▶ [EXERCISE DETAILS]: Further down are entries; set down exactly and only the lines from the one with "- moved J4 3.21 mm to (129.8, 102.0)" up to and including the one with "(segment (start 136.694158", dropping each picture.

(Dataset excerpts)
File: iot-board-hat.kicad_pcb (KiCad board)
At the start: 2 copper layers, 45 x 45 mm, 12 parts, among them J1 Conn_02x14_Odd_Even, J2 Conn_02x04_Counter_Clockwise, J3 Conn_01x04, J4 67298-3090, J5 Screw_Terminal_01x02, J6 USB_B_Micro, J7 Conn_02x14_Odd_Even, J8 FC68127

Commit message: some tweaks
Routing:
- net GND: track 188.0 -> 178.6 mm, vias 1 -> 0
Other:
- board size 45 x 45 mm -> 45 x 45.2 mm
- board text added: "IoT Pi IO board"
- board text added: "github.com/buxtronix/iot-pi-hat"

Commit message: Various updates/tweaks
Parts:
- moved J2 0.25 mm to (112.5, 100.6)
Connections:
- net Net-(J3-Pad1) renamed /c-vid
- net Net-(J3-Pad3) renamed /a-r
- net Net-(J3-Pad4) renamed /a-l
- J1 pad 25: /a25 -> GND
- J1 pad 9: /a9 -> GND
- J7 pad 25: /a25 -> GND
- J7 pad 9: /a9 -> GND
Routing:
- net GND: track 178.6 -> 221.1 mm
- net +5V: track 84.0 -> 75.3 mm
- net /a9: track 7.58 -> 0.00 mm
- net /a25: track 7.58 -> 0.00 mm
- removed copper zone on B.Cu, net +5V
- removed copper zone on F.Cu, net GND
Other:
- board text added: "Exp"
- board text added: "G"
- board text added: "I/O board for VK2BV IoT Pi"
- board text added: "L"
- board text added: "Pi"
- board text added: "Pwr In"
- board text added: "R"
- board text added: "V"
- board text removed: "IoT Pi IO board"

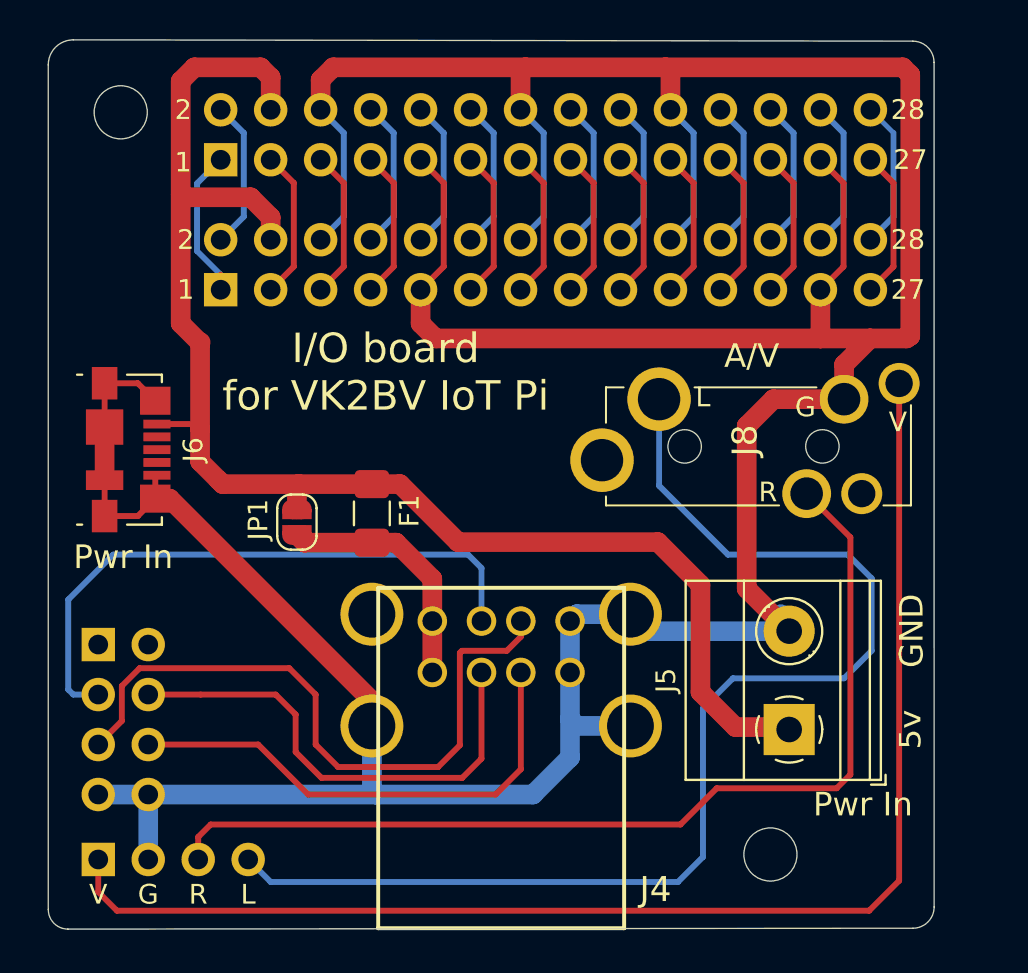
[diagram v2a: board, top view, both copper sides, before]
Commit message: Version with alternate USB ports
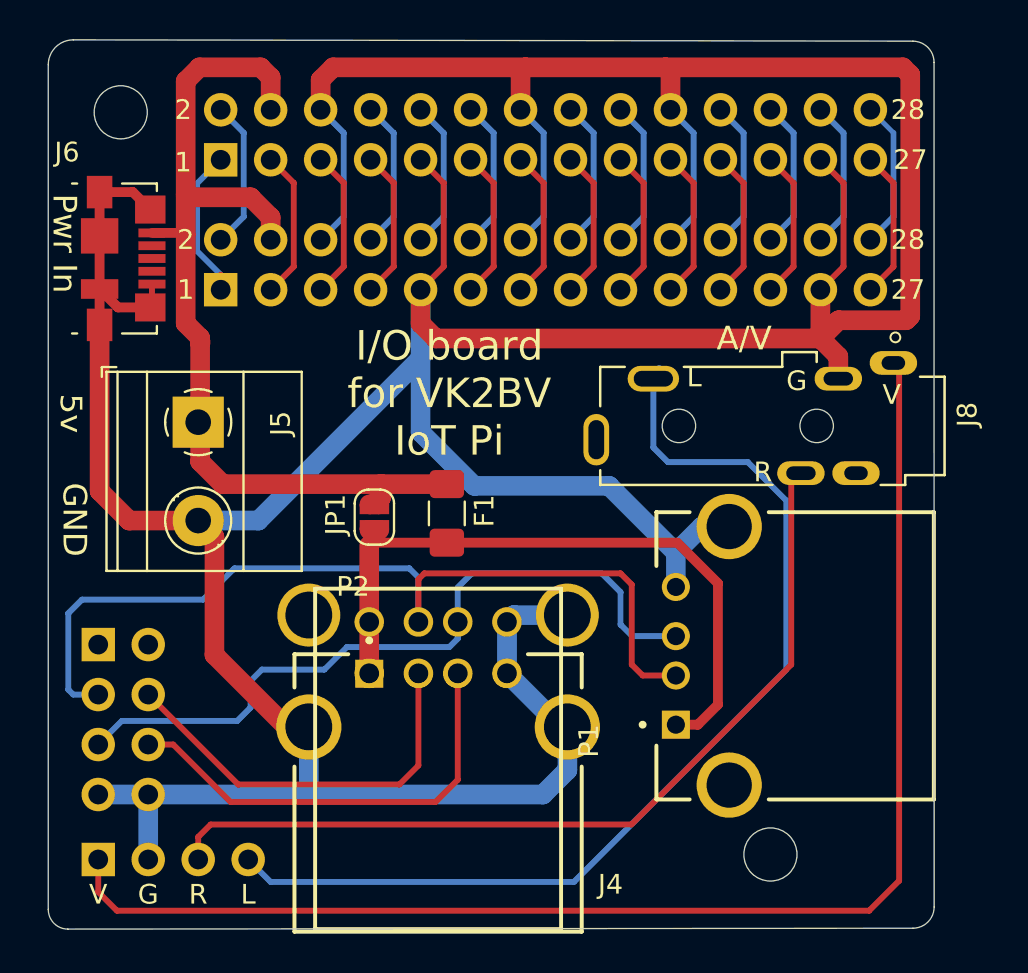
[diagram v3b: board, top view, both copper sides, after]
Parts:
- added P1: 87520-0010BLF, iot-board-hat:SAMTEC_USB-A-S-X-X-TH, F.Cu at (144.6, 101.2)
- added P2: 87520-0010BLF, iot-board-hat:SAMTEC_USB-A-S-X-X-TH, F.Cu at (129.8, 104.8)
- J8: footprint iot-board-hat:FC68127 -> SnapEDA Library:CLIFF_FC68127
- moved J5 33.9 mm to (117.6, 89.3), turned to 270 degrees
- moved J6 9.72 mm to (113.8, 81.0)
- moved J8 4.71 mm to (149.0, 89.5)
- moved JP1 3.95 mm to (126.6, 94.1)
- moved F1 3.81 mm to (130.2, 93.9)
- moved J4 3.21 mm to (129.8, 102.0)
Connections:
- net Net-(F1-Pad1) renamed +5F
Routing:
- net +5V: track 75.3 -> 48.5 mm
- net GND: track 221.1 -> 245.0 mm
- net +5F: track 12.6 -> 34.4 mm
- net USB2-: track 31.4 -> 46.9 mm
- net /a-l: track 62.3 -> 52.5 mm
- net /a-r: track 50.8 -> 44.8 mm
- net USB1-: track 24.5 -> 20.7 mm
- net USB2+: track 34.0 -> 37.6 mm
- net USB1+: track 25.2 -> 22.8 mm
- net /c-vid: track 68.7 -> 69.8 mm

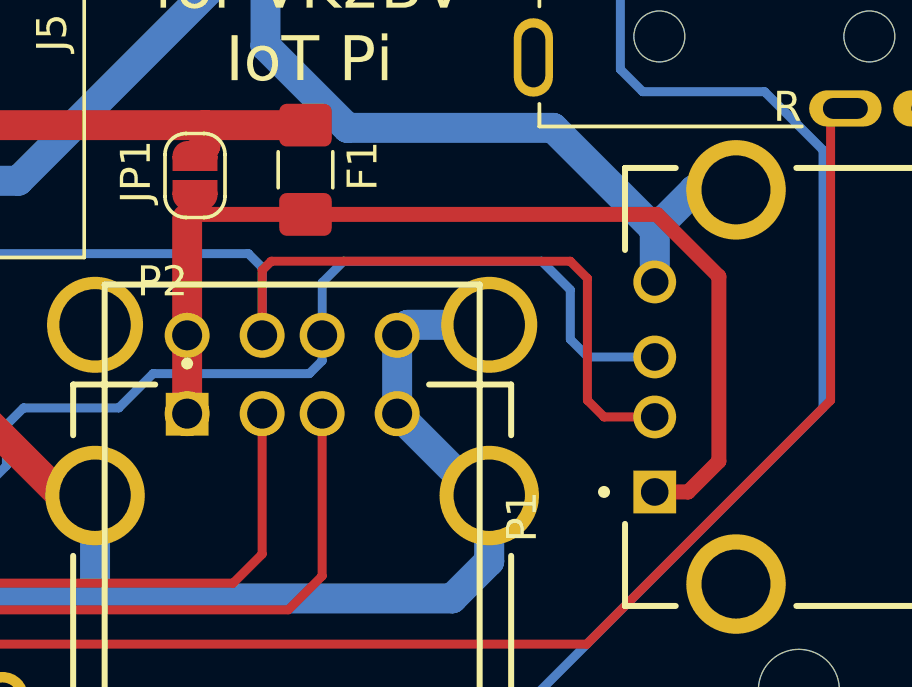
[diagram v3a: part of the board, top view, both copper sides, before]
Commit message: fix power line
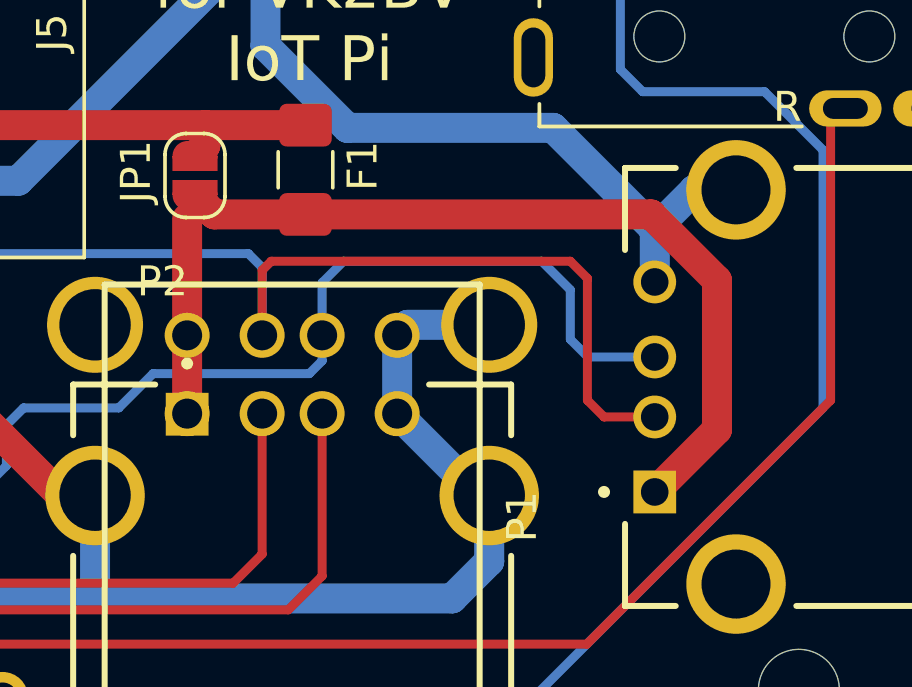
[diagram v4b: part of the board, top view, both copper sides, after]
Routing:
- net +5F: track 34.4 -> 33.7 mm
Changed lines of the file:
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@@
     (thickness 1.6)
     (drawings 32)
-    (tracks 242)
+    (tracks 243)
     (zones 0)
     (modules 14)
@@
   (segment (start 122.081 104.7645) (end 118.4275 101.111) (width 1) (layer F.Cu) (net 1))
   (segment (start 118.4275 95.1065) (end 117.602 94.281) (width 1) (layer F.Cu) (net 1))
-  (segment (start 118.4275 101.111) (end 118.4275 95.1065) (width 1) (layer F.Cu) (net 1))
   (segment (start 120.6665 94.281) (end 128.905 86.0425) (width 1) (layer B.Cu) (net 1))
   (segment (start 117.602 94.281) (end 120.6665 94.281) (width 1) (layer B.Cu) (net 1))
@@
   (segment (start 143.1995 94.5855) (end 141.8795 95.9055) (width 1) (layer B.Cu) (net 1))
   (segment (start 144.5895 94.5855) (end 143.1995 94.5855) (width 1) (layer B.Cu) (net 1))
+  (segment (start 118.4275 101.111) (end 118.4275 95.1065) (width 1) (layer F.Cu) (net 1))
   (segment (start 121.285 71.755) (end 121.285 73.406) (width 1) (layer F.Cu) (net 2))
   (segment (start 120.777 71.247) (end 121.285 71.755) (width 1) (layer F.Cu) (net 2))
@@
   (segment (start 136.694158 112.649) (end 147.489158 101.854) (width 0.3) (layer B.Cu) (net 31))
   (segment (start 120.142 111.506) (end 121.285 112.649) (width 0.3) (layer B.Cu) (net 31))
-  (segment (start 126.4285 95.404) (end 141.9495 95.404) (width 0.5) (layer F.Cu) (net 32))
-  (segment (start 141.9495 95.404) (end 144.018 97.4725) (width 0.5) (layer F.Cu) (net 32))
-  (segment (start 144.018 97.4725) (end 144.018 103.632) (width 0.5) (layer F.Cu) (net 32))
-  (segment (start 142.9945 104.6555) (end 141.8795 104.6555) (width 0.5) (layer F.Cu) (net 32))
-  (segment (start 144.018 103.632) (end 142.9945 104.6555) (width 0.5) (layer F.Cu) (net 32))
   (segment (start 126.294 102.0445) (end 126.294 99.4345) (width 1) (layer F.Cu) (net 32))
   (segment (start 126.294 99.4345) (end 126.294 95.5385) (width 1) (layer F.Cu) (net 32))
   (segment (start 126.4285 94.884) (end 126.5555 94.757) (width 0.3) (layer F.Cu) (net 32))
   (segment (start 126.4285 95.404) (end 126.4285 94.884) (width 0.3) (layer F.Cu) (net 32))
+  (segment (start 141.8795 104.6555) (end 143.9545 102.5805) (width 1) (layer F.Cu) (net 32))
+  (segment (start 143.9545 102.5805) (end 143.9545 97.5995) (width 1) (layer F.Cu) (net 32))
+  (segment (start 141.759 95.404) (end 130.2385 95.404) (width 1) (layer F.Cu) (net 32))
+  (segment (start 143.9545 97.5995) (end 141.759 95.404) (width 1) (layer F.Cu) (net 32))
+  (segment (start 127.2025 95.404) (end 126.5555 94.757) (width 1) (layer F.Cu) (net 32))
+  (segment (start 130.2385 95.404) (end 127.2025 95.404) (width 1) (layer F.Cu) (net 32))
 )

▶ [RESULT FOR THIS TASK]:
- moved J4 3.21 mm to (129.8, 102.0)
Connections:
- net Net-(F1-Pad1) renamed +5F
Routing:
- net +5V: track 75.3 -> 48.5 mm
- net GND: track 221.1 -> 245.0 mm
- net +5F: track 12.6 -> 34.4 mm
- net USB2-: track 31.4 -> 46.9 mm
- net /a-l: track 62.3 -> 52.5 mm
- net /a-r: track 50.8 -> 44.8 mm
- net USB1-: track 24.5 -> 20.7 mm
- net USB2+: track 34.0 -> 37.6 mm
- net USB1+: track 25.2 -> 22.8 mm
- net /c-vid: track 68.7 -> 69.8 mm

[diagram v3a: part of the board, top view, both copper sides, before]
Commit message: fix power line
[diagram v4b: part of the board, top view, both copper sides, after]
Routing:
- net +5F: track 34.4 -> 33.7 mm
Changed lines of the file:
@@
     (thickness 1.6)
     (drawings 32)
-    (tracks 242)
+    (tracks 243)
     (zones 0)
     (modules 14)
@@
   (segment (start 122.081 104.7645) (end 118.4275 101.111) (width 1) (layer F.Cu) (net 1))
   (segment (start 118.4275 95.1065) (end 117.602 94.281) (width 1) (layer F.Cu) (net 1))
-  (segment (start 118.4275 101.111) (end 118.4275 95.1065) (width 1) (layer F.Cu) (net 1))
   (segment (start 120.6665 94.281) (end 128.905 86.0425) (width 1) (layer B.Cu) (net 1))
   (segment (start 117.602 94.281) (end 120.6665 94.281) (width 1) (layer B.Cu) (net 1))
@@
   (segment (start 143.1995 94.5855) (end 141.8795 95.9055) (width 1) (layer B.Cu) (net 1))
   (segment (start 144.5895 94.5855) (end 143.1995 94.5855) (width 1) (layer B.Cu) (net 1))
+  (segment (start 118.4275 101.111) (end 118.4275 95.1065) (width 1) (layer F.Cu) (net 1))
   (segment (start 121.285 71.755) (end 121.285 73.406) (width 1) (layer F.Cu) (net 2))
   (segment (start 120.777 71.247) (end 121.285 71.755) (width 1) (layer F.Cu) (net 2))
@@
   (segment (start 136.694158 112.649) (end 147.489158 101.854) (width 0.3) (layer B.Cu) (net 31))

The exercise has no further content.